State how many lines of the data below hold the string "circle", giving nothing but the number.

Segment Open

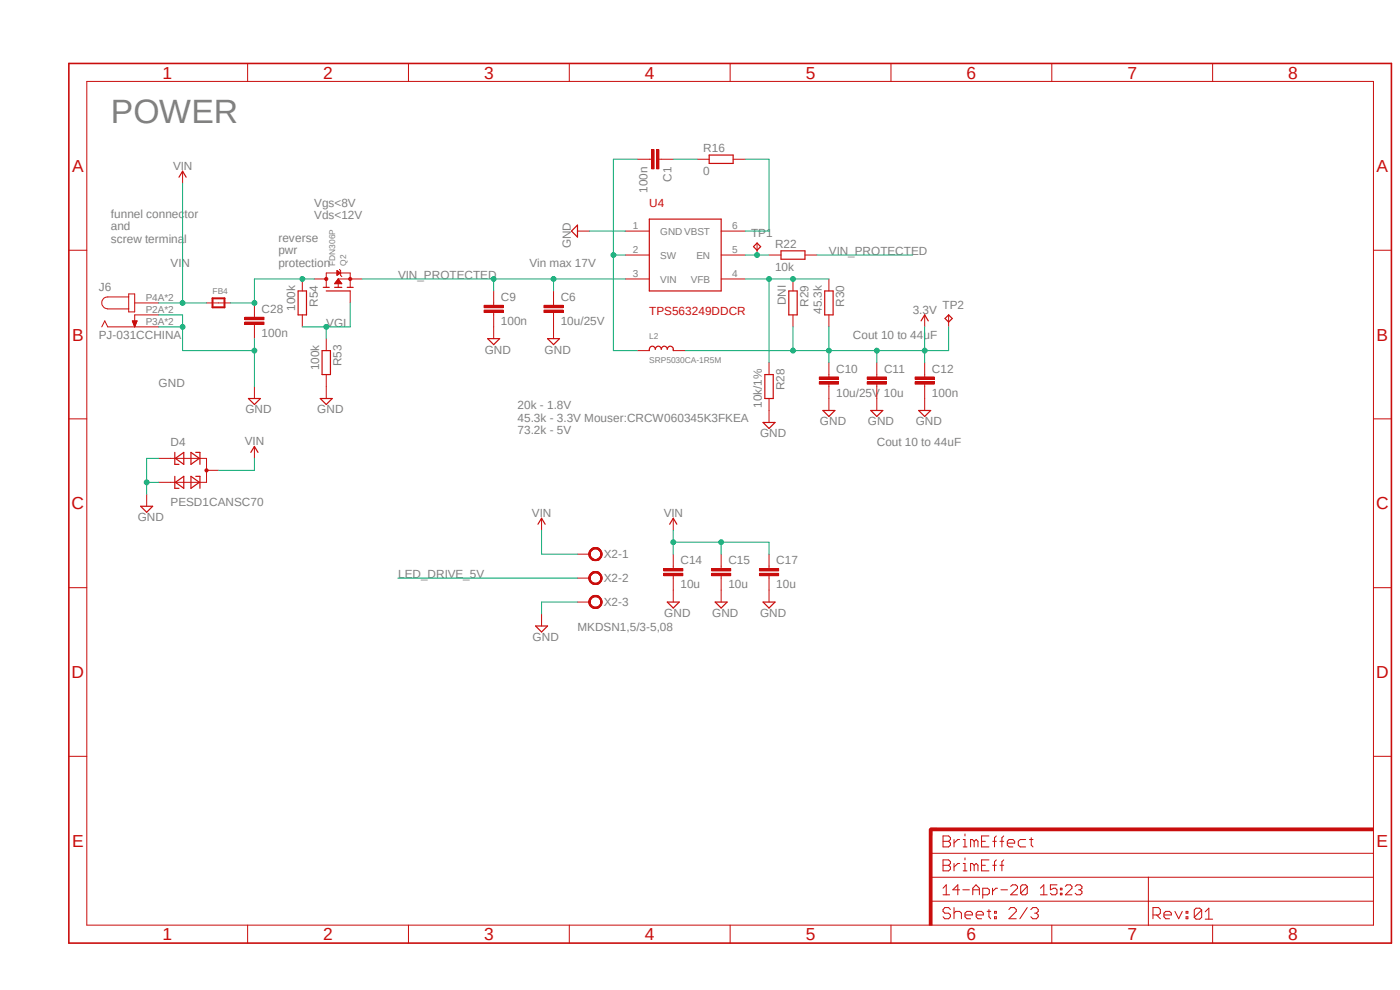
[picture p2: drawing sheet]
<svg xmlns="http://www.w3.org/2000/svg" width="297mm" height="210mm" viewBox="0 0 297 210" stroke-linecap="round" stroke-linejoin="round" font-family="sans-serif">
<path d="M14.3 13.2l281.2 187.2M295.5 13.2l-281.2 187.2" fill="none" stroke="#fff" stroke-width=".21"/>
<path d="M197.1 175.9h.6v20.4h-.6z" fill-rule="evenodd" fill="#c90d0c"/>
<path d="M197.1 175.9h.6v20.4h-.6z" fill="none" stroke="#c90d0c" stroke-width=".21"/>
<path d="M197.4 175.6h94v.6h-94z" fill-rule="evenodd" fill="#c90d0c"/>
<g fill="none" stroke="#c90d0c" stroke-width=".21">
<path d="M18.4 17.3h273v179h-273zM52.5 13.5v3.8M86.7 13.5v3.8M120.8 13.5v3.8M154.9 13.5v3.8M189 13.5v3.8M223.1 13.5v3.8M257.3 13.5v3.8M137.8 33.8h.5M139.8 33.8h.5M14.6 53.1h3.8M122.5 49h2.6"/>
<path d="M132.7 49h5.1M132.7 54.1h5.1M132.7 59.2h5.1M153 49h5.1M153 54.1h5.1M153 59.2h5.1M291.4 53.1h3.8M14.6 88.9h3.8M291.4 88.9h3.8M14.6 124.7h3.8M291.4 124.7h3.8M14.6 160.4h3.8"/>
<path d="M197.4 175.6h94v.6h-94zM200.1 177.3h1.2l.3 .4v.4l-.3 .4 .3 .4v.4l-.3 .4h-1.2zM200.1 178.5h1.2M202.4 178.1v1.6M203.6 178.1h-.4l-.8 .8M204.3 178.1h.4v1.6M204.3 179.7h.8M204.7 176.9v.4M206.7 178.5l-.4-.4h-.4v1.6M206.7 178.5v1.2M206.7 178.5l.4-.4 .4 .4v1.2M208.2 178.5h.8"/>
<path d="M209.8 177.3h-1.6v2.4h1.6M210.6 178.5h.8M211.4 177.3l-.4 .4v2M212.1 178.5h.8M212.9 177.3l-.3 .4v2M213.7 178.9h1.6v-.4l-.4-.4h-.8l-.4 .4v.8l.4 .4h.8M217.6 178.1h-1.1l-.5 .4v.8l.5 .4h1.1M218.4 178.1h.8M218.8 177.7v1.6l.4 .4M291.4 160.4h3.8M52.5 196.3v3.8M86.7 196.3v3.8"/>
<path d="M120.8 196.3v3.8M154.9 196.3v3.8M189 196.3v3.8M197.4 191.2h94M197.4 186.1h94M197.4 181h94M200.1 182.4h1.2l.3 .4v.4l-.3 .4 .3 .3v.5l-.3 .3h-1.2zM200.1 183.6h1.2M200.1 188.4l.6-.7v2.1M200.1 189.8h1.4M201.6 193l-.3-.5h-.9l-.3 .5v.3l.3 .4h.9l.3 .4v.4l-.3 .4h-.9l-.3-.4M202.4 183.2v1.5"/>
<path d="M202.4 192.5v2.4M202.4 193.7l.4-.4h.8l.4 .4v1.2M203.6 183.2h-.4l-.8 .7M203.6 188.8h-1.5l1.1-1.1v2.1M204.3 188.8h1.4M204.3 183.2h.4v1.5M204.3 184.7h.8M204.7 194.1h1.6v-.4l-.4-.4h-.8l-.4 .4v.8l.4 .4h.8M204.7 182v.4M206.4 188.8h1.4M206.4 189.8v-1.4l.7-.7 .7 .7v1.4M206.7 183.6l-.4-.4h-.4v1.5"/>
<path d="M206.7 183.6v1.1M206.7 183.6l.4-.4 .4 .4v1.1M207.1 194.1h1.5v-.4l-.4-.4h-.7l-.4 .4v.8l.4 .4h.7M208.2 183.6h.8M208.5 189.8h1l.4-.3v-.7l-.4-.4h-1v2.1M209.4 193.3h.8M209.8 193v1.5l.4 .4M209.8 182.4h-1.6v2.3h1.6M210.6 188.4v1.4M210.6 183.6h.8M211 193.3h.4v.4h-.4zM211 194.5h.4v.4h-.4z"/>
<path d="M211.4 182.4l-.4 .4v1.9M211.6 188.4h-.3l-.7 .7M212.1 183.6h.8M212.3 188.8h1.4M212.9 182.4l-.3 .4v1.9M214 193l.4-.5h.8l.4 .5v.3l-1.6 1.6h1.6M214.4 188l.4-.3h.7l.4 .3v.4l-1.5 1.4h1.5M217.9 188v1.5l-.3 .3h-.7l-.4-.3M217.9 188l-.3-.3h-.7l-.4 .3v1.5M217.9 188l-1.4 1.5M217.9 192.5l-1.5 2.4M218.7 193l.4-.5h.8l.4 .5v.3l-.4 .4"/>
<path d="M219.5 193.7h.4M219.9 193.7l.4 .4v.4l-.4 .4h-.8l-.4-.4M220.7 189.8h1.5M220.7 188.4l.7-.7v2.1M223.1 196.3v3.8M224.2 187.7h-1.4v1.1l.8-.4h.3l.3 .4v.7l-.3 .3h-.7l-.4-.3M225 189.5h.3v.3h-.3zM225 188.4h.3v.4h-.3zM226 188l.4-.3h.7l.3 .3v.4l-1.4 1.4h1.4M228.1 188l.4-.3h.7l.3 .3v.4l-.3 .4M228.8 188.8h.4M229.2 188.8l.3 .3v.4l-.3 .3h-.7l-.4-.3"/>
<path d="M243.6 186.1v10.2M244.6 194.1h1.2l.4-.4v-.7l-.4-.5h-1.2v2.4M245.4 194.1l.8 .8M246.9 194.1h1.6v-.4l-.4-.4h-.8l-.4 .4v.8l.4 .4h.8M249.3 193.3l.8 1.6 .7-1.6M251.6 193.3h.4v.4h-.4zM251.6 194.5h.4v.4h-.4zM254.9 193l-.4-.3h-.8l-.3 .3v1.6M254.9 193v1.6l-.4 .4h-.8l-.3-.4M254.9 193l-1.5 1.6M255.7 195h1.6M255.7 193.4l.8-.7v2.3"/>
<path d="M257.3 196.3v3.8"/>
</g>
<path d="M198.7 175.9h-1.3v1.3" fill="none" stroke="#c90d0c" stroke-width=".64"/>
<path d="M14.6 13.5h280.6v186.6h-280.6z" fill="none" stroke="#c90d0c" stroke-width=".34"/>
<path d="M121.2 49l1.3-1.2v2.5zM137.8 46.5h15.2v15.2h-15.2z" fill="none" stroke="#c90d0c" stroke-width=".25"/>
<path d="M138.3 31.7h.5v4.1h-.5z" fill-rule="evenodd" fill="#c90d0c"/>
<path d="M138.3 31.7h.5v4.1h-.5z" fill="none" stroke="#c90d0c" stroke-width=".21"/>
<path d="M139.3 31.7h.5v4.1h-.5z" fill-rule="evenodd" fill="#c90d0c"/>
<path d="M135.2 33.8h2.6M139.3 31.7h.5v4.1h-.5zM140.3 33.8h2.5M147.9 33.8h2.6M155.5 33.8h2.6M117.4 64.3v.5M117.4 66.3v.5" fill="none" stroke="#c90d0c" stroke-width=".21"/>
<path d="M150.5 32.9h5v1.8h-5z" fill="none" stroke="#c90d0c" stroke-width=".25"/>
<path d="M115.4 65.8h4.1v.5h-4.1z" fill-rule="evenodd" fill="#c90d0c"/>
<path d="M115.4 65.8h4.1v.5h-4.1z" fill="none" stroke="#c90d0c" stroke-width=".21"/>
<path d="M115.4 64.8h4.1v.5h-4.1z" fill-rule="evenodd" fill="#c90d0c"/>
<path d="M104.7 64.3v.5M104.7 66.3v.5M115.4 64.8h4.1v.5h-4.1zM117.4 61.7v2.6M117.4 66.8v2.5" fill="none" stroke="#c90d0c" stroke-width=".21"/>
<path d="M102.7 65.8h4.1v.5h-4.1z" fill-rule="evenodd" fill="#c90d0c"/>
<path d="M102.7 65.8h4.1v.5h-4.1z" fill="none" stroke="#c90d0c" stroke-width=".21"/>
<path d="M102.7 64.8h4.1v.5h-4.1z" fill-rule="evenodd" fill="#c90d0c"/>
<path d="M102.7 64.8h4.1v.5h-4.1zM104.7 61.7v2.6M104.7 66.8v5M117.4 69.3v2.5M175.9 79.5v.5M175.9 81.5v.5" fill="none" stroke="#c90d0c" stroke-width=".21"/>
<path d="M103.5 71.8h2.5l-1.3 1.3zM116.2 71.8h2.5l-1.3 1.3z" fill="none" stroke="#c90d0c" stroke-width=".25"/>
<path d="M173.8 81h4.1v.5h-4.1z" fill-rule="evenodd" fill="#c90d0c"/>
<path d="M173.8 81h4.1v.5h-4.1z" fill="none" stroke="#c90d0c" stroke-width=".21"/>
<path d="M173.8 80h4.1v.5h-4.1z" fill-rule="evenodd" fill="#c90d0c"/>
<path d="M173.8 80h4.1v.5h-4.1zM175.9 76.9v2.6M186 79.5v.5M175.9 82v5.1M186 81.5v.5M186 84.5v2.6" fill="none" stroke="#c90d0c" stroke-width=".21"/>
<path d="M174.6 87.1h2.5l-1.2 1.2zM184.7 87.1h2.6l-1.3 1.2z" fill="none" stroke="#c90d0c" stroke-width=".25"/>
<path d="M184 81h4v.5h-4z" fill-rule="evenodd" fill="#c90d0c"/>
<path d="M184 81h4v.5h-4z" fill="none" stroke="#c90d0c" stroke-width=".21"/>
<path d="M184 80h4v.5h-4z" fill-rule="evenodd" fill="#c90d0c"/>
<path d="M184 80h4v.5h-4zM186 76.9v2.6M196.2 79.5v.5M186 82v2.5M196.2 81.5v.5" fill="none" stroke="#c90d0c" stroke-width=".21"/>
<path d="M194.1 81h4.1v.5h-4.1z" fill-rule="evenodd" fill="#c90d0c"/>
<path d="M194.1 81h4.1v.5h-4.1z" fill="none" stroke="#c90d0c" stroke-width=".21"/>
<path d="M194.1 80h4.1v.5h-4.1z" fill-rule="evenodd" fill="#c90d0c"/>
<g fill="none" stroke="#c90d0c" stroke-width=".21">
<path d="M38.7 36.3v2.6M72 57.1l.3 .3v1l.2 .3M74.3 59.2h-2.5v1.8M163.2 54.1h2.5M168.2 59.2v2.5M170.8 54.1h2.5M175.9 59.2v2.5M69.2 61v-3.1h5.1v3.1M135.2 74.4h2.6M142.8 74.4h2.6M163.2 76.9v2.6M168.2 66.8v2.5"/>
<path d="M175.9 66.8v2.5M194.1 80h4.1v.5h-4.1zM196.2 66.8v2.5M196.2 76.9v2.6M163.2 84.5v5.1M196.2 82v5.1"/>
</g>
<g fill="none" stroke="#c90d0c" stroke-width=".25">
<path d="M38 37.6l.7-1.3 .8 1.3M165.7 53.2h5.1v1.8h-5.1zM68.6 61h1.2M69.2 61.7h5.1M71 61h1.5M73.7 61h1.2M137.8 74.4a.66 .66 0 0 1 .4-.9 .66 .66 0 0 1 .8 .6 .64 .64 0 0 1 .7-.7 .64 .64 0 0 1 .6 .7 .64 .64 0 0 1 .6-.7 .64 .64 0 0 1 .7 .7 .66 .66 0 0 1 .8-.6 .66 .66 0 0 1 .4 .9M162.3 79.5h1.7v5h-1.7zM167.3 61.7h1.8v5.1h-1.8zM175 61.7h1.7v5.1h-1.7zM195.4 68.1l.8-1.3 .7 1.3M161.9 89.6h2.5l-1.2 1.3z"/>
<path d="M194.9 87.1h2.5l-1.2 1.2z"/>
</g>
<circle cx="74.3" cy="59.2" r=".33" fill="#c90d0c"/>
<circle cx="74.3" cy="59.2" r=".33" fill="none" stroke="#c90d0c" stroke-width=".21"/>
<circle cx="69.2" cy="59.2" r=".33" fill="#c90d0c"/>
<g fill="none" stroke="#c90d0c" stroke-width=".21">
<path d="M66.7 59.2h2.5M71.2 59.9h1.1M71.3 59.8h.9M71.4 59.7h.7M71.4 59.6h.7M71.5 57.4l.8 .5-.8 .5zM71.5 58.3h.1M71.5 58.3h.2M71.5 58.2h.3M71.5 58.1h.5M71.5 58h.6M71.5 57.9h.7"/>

Segment Closed

**Task solution**
3